The Author Online Book Forums are Moving

The Author Online Book Forums will soon redirect to Manning's liveBook and liveVideo. All book forum content will migrate to liveBook's discussion forum and all video forum content will migrate to liveVideo. Log in to liveBook or liveVideo with your Manning credentials to join the discussion!

Thank you for your engagement in the AoF over the years! We look forward to offering you a more enhanced forum experience.

Svideo (21) [Avatar] Offline
I have a figured out how to drill down thought a xml converted webpage to the tagged hrefs, but I would like to get the class tag value at the end of the tag (AAA).
Any suggestions on how you get the that value.

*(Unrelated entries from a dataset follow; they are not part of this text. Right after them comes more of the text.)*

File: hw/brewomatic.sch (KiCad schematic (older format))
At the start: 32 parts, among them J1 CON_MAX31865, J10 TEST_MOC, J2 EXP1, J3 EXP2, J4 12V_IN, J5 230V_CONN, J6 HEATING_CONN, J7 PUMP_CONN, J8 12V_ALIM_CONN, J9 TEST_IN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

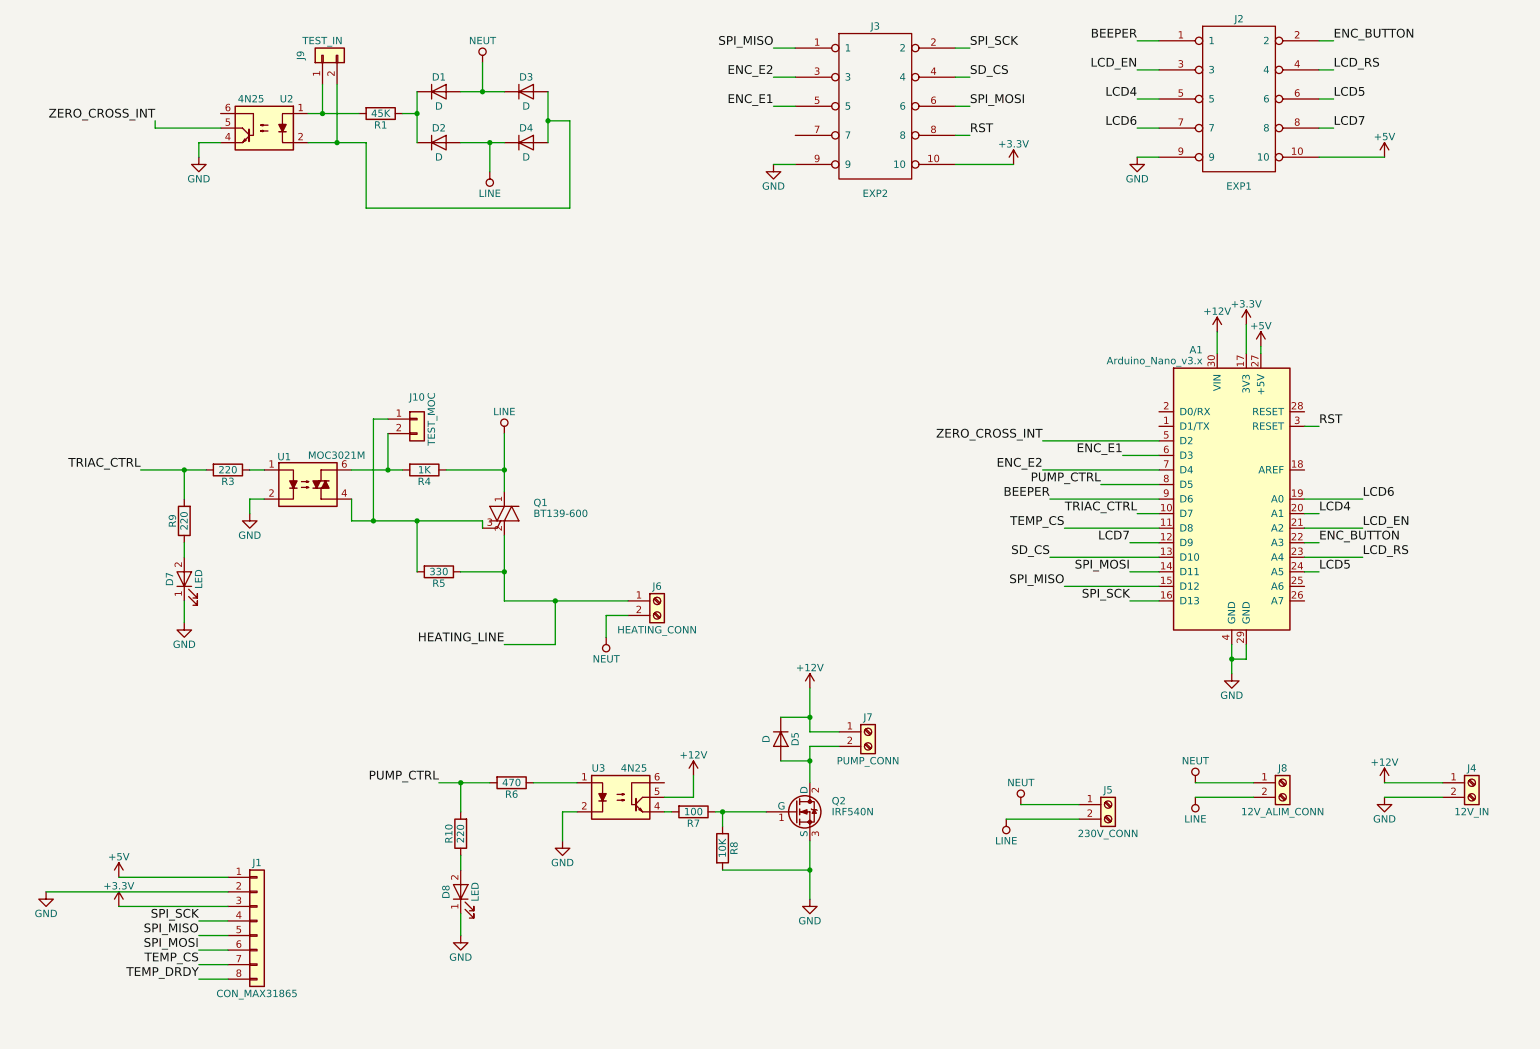
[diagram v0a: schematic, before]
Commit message: Reverse triac terminal since it only works in one direction and fix various problems
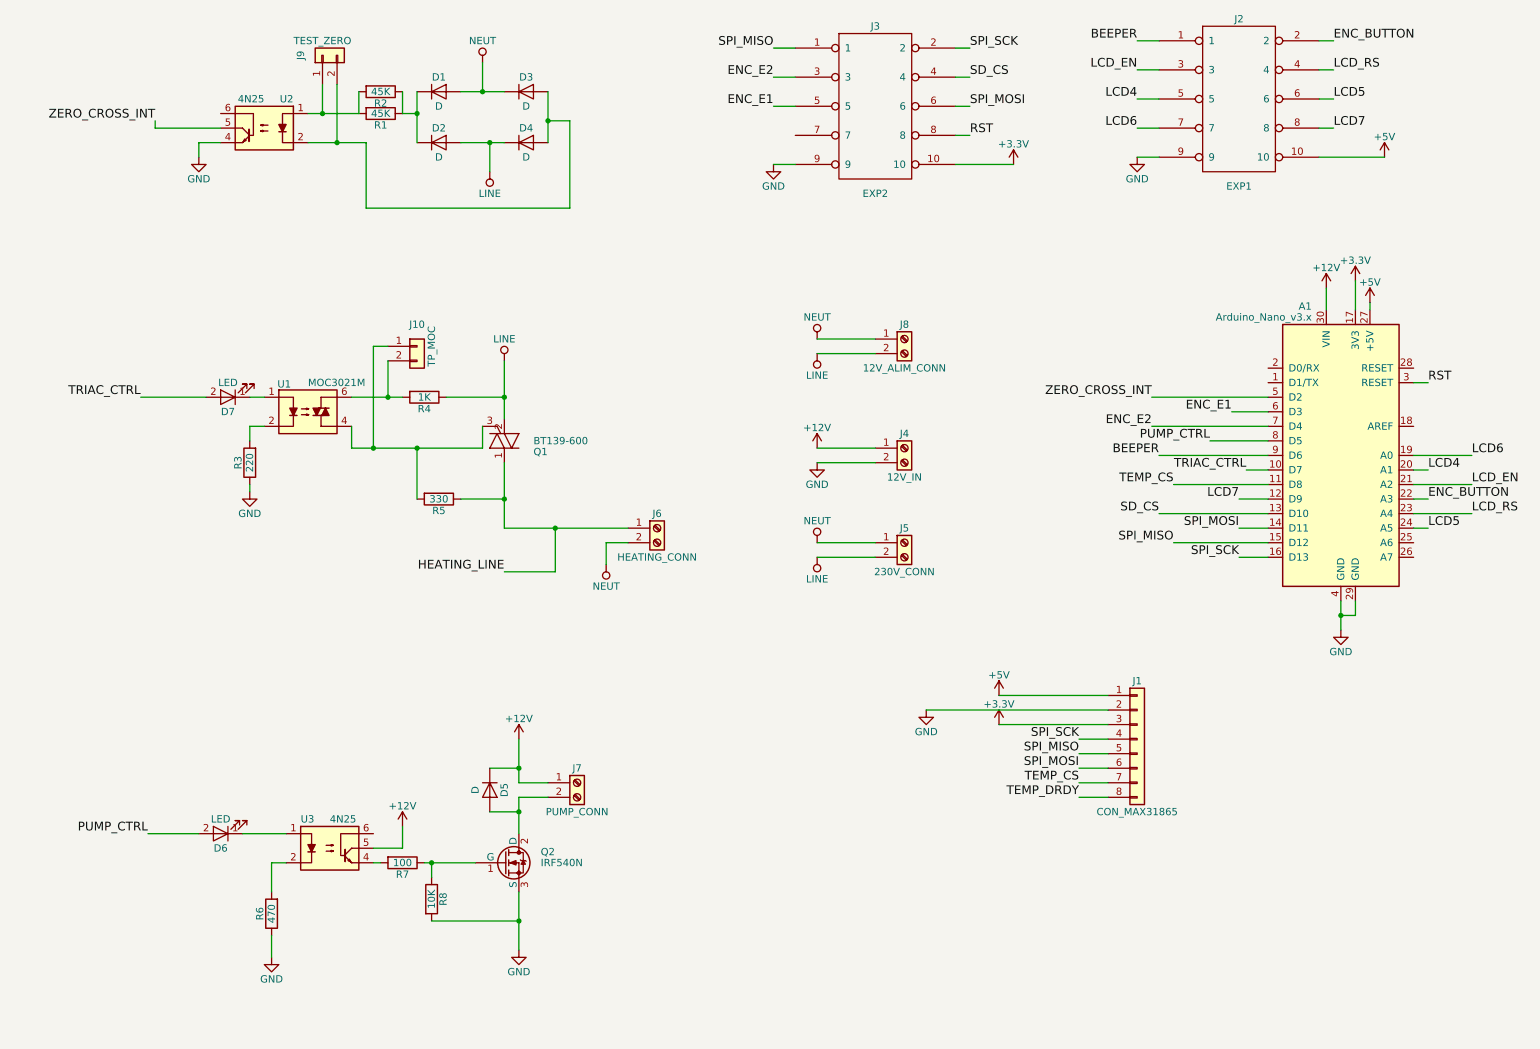
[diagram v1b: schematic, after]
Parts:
- removed D8: LED, LEDs:LED_D5.0mm, symbol LED
- removed R10, R9: 220, Resistors_SMD:R_0805_HandSoldering, symbol R
- added D6: LED, LEDs:LED_D5.0mm, symbol LED
- added R2: 45K, Resistors_THT:R_Axial_DIN0207_L6.3mm_D2.5mm_P10.16mm_Horizontal, symbol R
- J10: value TEST_MOC -> TP_MOC
- J9: value TEST_IN -> TEST_ZERO
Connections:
- net GND: now also R3.1, R6.1; no longer D7.1 (K), U1.2, U3.2
- net HEATING_LINE: now also Q1.1 (A1); no longer Q1.2 (A2)
- net LINE: now also Q1.2 (A2); no longer Q1.1 (A1)
- net PUMP_CTRL: now also D6.2 (A); no longer R6.2
- net TRIAC_CTRL: now also D7.2 (A); no longer R3.2
- net at J9.1 (Pin_1), R1.2, U2.1: now also R2.2
- net at U1.1: now also D7.1 (K); no longer R3.1
- net at D1.1 (K), D2.1 (K), R1.1: now also R2.1
- net at U3.1: now also D6.1 (K); no longer R6.1
- new net: R3.2, U1.2
- new net: R6.2, U3.2
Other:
- moved on the sheet: A1, D5, D7, J1, J10, J4, J5, J6, J7, J8, Q1, Q2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

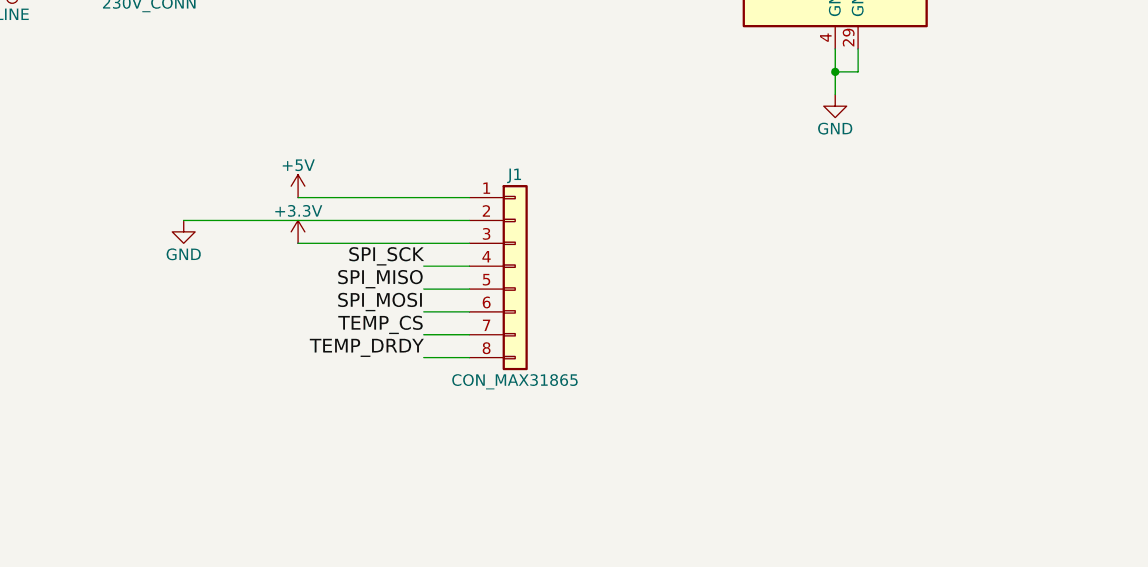
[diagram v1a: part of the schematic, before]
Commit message: Add 12V fan plug
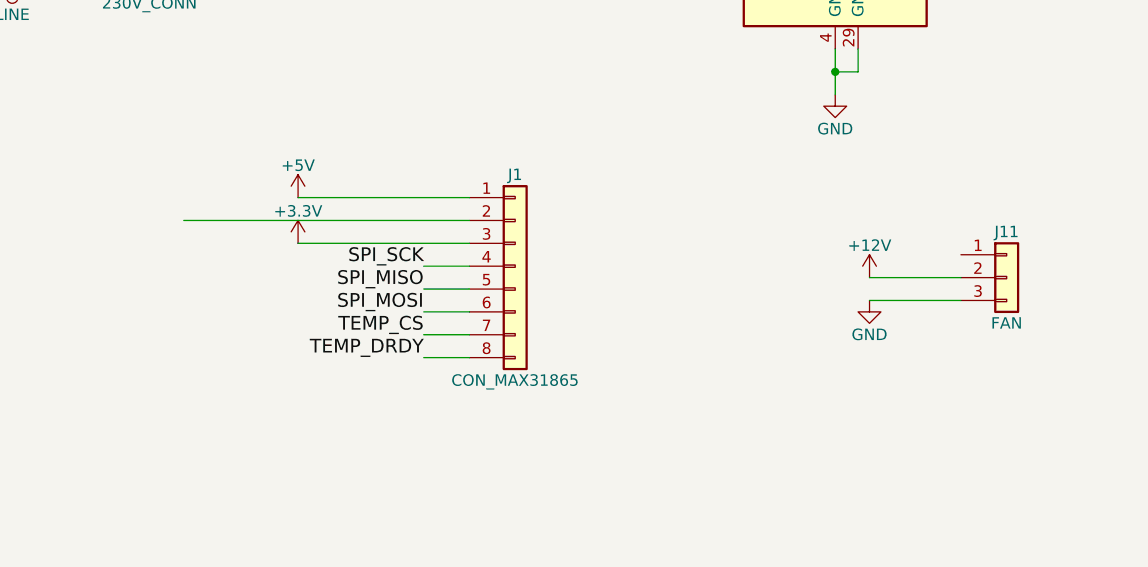
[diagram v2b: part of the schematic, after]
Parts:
- added J11: FAN, Pin_Headers:Pin_Header_Straight_1x03_Pitch2.54mm, symbol Conn_01x03
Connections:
- net +12V: now also J11.2 (Pin_2)
- net GND: now also J11.3 (Pin_3); no longer J1.2 (Pin_2)
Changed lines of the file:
@@
 L GND #PWR010
 U 1 1 5AB865DA
-P 6950 5400
-F 0 "#PWR010" H 6950 5150 50  0001 C CNN
-F 1 "GND" H 6950 5250 50  0000 C CNN
-F 2 "" H 6950 5400 50  0001 C CNN
-F 3 "" H 6950 5400 50  0001 C CNN
-	1    6950 5400
+P 9950 5750
+F 0 "#PWR010" H 9950 5500 50  0001 C CNN
+F 1 "GND" H 9950 5600 50  0000 C CNN
+F 2 "" H 9950 5750 50  0001 C CNN
+F 3 "" H 9950 5750 50  0001 C CNN
+	1    9950 5750
 	1    0    0    -1
 $EndComp
@@
 Wire Wire Line
 	3900 3600 3900 3450
+$Comp
+L Conn_01x03 J11
+U 1 1 5ACBB28D
+P 10550 5650
+F 0 "J11" H 10550 5850 50  0000 C CNN
+F 1 "FAN" H 10550 5450 50  0000 C CNN
+F 2 "Pin_Headers:Pin_Header_Straight_1x03_Pitch2.54mm" H 10550 5650 50  0001 C CNN
+F 3 "" H 10550 5650 50  0001 C CNN
+	1    10550 5650
+	1    0    0    -1
+$EndComp
+$Comp
+L +12V #PWR028
+U 1 1 5ACBC64E
+P 9950 5650
+F 0 "#PWR028" H 9950 5500 50  0001 C CNN
+F 1 "+12V" H 9950 5790 50  0000 C CNN
+F 2 "" H 9950 5650 50  0001 C CNN
+F 3 "" H 9950 5650 50  0001 C CNN
+	1    9950 5650
+	1    0    0    -1
+$EndComp
+Wire Wire Line
+	9950 5750 10350 5750
+Wire Wire Line
+	10350 5650 9950 5650
 $EndSCHEMATC

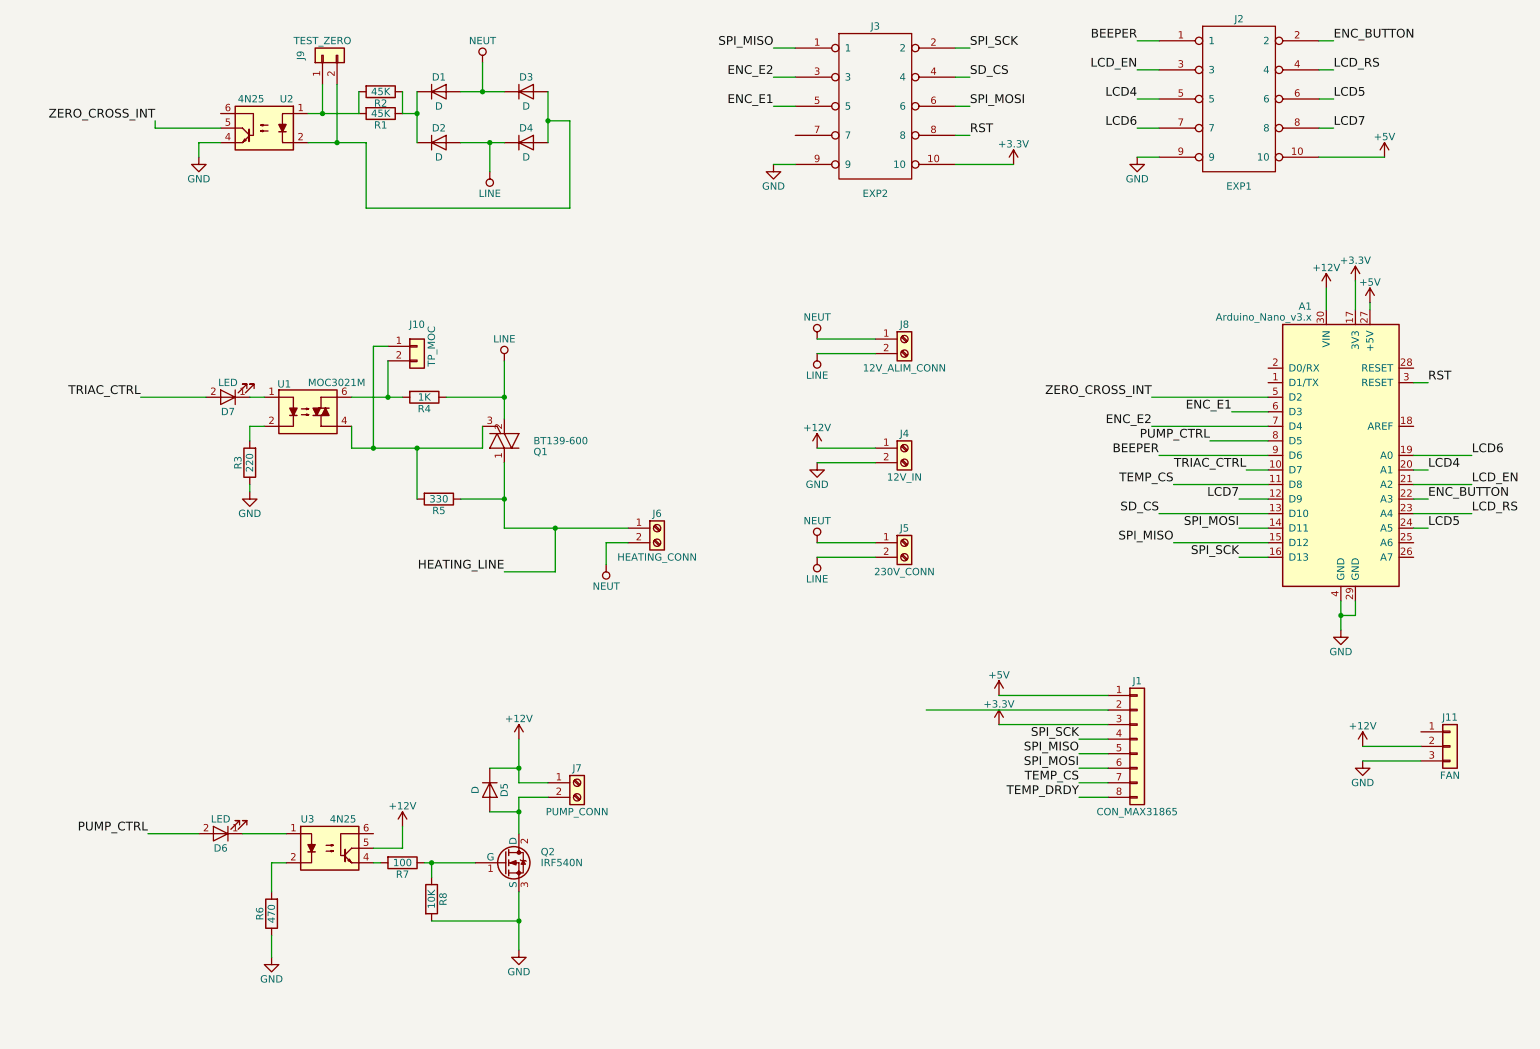
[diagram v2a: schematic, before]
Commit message: HW: Add testpoints on schematic
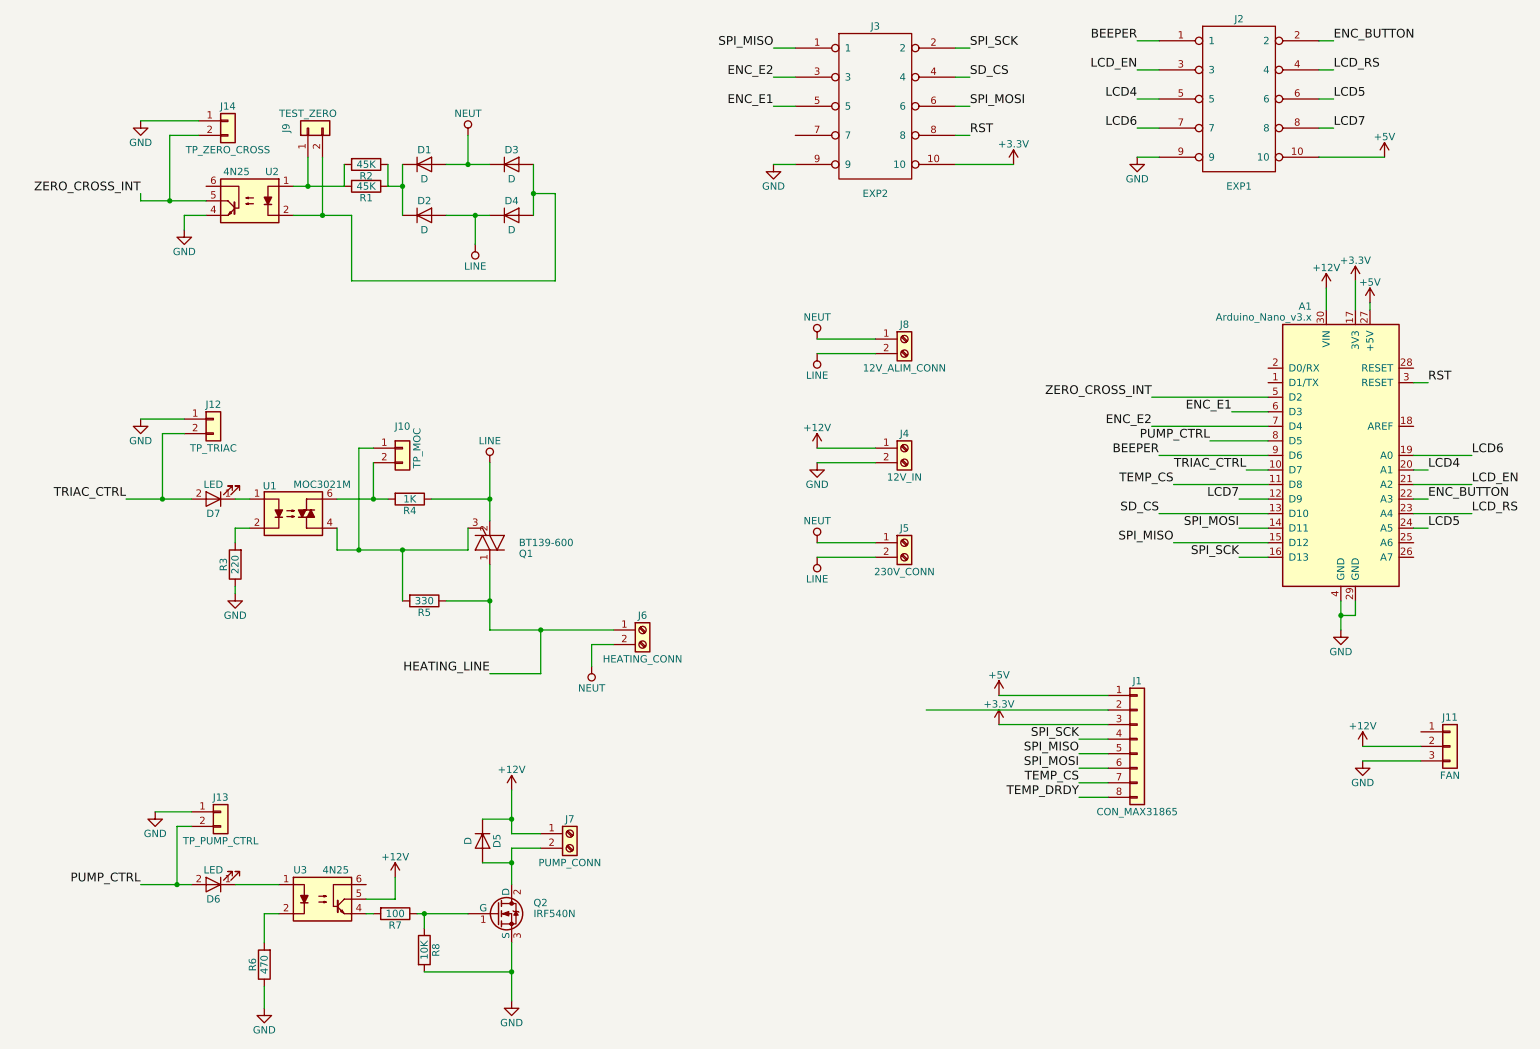
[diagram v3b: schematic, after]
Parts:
- added J12: TP_TRIAC, Pin_Headers:Pin_Header_Straight_1x02_Pitch2.54mm, symbol Conn_01x02
- added J13: TP_PUMP_CTRL, Pin_Headers:Pin_Header_Straight_1x02_Pitch2.54mm, symbol Conn_01x02
- added J14: TP_ZERO_CROSS, Pin_Headers:Pin_Header_Straight_1x02_Pitch2.54mm, symbol Conn_01x02
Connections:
- net GND: now also J12.1 (Pin_1), J13.1 (Pin_1), J14.1 (Pin_1)
- net PUMP_CTRL: now also J13.2 (Pin_2)
- net TRIAC_CTRL: now also J12.2 (Pin_2)
- net ZERO_CROSS_INT: now also J14.2 (Pin_2)
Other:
- moved on the sheet: D1, D2, D3, D4, D5, D6, D7, J10, J6, J7, J9, Q1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

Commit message: hw: Add testpoints for various input/output
This is helpful to plug logic analyzer on them
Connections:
- net GND: now also J1.2 (Pin_2)
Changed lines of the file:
@@
+	1    0    0    -1
+$EndComp
+$Comp
+L GND #PWR?
+U 1 1 5AE4B6BD
+P 6950 5400
+F 0 "#PWR?" H 6950 5150 50  0001 C CNN
+F 1 "GND" H 6950 5250 50  0000 C CNN
+F 2 "" H 6950 5400 50  0001 C CNN
+F 3 "" H 6950 5400 50  0001 C CNN
+	1    6950 5400
 	1    0    0    -1
 $EndComp

Dim TableRows = From TR In xdoc...<tr> _
Where TR.@class = TableName

Dim links = From link In TableRows... _
Select link.@class
Svideo (21) [Avatar] Offline
Re: Linq to XML referencing the class value in a href
a href="" class="BBLink">AAA

Some how that didn't get in the first message...
jwooley (123) [Avatar] Offline
Re: Linq to XML referencing the class value in a href
In all honesty, I would probably use a regular expression to parse the query. While I love LINQ to XML, many sites are not truely XHTML compliant. There are tools to take such a site and return it as XHTML, but my success has varied with this in the past.

If you do decide to use LINQ to XML, make sure to specify the namespaces that are included in the source. Most issues people have is with not including the namespace. Remember, XML variables are strong typed just as CLR types are.

That being said, see if the following query would work (Assuming you have imported the namespaces):

Dim query = from node in source...<a> _
where node.@class.Value = MySearchString _
select node.Value

This will return an IEnumerable(Of String) which you would then iterate over, or use the standard First/Single/etc methods as appropriate.

Svideo (21) [Avatar] Offline
Re: Linq to XML referencing the class value in a href
Decided to use HTMLAgilityPack with the new extended property (HtmlDocumentExtensions) to export xml to be searched with Linq to XML. This might make the results a lot more consistant with linq. Because some sites return executed javascript, used a webbrowser control although would like to find something a bit lighter weight to build a library. Maybe someone knows of a library?

My goal was to program a search to find the one table that had 100 rows. So next is to is convert all the properties in a site to an object where I can find what I want quickly. Regex is fine, but I will be converting tens of thousands of pages into a database and the names and positions of the tables are inconsistent. there was a product called that did something like this, but they aren't supporting it anymore.

So now I can check every table, find the first one where the table has 100 rows by checking the .count property, and use that table name, instead of hoping regex finds what I want in a changing landscape of names and positions.

I did try the .value property but I was doing something else wrong and was stuck on stupid.

Svideo (21) [Avatar] Offline
Re: Linq to XML referencing the class value in a href
Using your example code and I'm stuck in the same place.

Where node.@class.Value = SearchName

Error 1 'Value' is not a member of 'String'
jwooley (123) [Avatar] Offline
Re: Linq to XML referencing the class value in a href
Your right. I coded that from memory. It should be:

where node.@class = MySearchString _
select node.Value

The attribute evaluates as a string.

The HTMLAgilityPack is the best one that I've heard of as well.

Svideo (21) [Avatar] Offline
Re: Hexadecimal value is invalid character
As a follow up it is working well but one of the issues is the conversion to xml that you get a Hexadecimal value 0x is an invalid character, Hexadecimal value is an invalid character, in the xml conversion.

There is a pretty good article about stripping control characters out of the HTML before conversion to xml.